Double 8 Foods was a local grocery chain based in Indianapolis. It opened under the name "Seven-Eleven Supermarket" in 1957 and renamed to Double 8 in 2000. The stores differentiated themselves by including soul food like chitterlings, catfish, and pork ribs. In 2015, the chain shut down among continuing revenue losses and larger operators unwilling to take it over creating food deserts. The buildings Double 8 used have since been used for breweries and restaurants.

== History ==
Double 8 Foods, formerly known as Seven-Eleven Supermarket, was founded by Zoltan Weisz in 1957. The first store was opened on North Sherman Drive in Indianapolis. In 1959, the firm was the first grocery company in Indiana to employ an African American store manager. In 2003, dollar stores and "dollar aisles" were integrated within the company's locations starting with the chain's store on Fairfield Avenue. The chain was operated by Isaiah Kuperstein prior to its shutdown.
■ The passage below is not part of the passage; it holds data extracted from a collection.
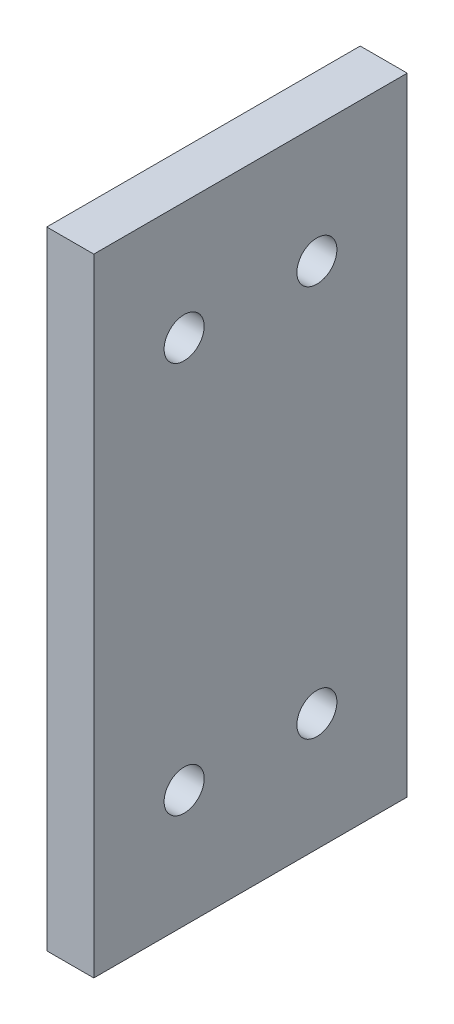
from build123d import *

# Parameters (mm, degrees)
SKETCH1_W           = 80
SKETCH1_H           = 40
BOSS_EXTRUDE2_DEPTH = 6
CUT_EXTRUDE3_REACH  = 47.122
SKETCH1_3_R         = 2.555


with BuildPart() as part:
    # Sketch1 → Boss-Extrude2 (new body)
    with BuildSketch(Plane.YZ):
        Rectangle(SKETCH1_W, SKETCH1_H)
    extrude(amount=BOSS_EXTRUDE2_DEPTH)

    # Sketch1<3> → Cut-Extrude3 (cut, up to next)
    with BuildSketch(Plane.YZ, mode=Mode.PRIVATE) as cut_extrude3_sk1:
        with Locations((-25, 8.47)):
            Circle(SKETCH1_3_R)
    cut_extrude3_tool1 = extrude(cut_extrude3_sk1.sketch, amount=CUT_EXTRUDE3_REACH, mode=Mode.PRIVATE) & part.part
    # Sketch1<3> → Cut-Extrude3 (cut, up to next)
    with BuildSketch(Plane.YZ, mode=Mode.PRIVATE) as cut_extrude3_sk2:
        with Locations((-25, -8.47)):
            Circle(SKETCH1_3_R)
    cut_extrude3_tool2 = extrude(cut_extrude3_sk2.sketch, amount=CUT_EXTRUDE3_REACH, mode=Mode.PRIVATE) & part.part
    # Sketch1<3> → Cut-Extrude3 (cut, up to next)
    with BuildSketch(Plane.YZ, mode=Mode.PRIVATE) as cut_extrude3_sk3:
        with Locations((25, -8.47)):
            Circle(SKETCH1_3_R)
    cut_extrude3_tool3 = extrude(cut_extrude3_sk3.sketch, amount=CUT_EXTRUDE3_REACH, mode=Mode.PRIVATE) & part.part
    # Sketch1<3> → Cut-Extrude3 (cut, up to next)
    with BuildSketch(Plane.YZ, mode=Mode.PRIVATE) as cut_extrude3_sk4:
        with Locations((25, 8.47)):
            Circle(SKETCH1_3_R)
    cut_extrude3_tool4 = extrude(cut_extrude3_sk4.sketch, amount=CUT_EXTRUDE3_REACH, mode=Mode.PRIVATE) & part.part
    add(cut_extrude3_tool1.solids().sort_by_distance((0, -25, 8.47))[0], mode=Mode.SUBTRACT)
    add(cut_extrude3_tool2.solids().sort_by_distance((0, -25, -8.47))[0], mode=Mode.SUBTRACT)
    add(cut_extrude3_tool3.solids().sort_by_distance((0, 25, -8.47))[0], mode=Mode.SUBTRACT)
    add(cut_extrude3_tool4.solids().sort_by_distance((0, 25, 8.47))[0], mode=Mode.SUBTRACT)


solid = part.part

Weisz was the great-uncle of Kuperstein's wife, Elana.

== Closing ==
Double 8 Foods shut down all of its stores on July 23, 2015, citing decreasing sales as the primary factor for their closing. Customers were not made aware of the chain's upcoming closure until the day the stores closed down. Employees were similarly in the dark regarding their imminent terminations. The company faced increasing competition from larger chains like Walmart and Meijer as well as dollar stores opening up near store locations. To save the stores, the firm attempted to woo another operator but was unsuccessful.

=== Food deserts ===
The sudden closure of Double 8 Foods left many residents without a convenient source for groceries. As a result, local churches and the fire department began offering transportation to other grocery stores. The president of the Indianapolis Urban League, Tony Mason, released a statement regarding Double 8's shutdown announcing a partnership with local government officials to distribute resource guides to affected locals.

== Aftermath ==
The buildings that Double 8 Foods used have since been repurposed for new businesses. The store on N. Illinois St. has transformed into a brewery named Happy Brewing Co. A warehouse on E. 46th St. now houses a brewery called Black Circle Brewing as well as a co-working space for home-service providers like electricians and plumbers. A restaurant named Next Door American Eatery opened up on the former Double 8 location on the corner of N. College Ave. and E. 46th St. owned by Kimbal Musk.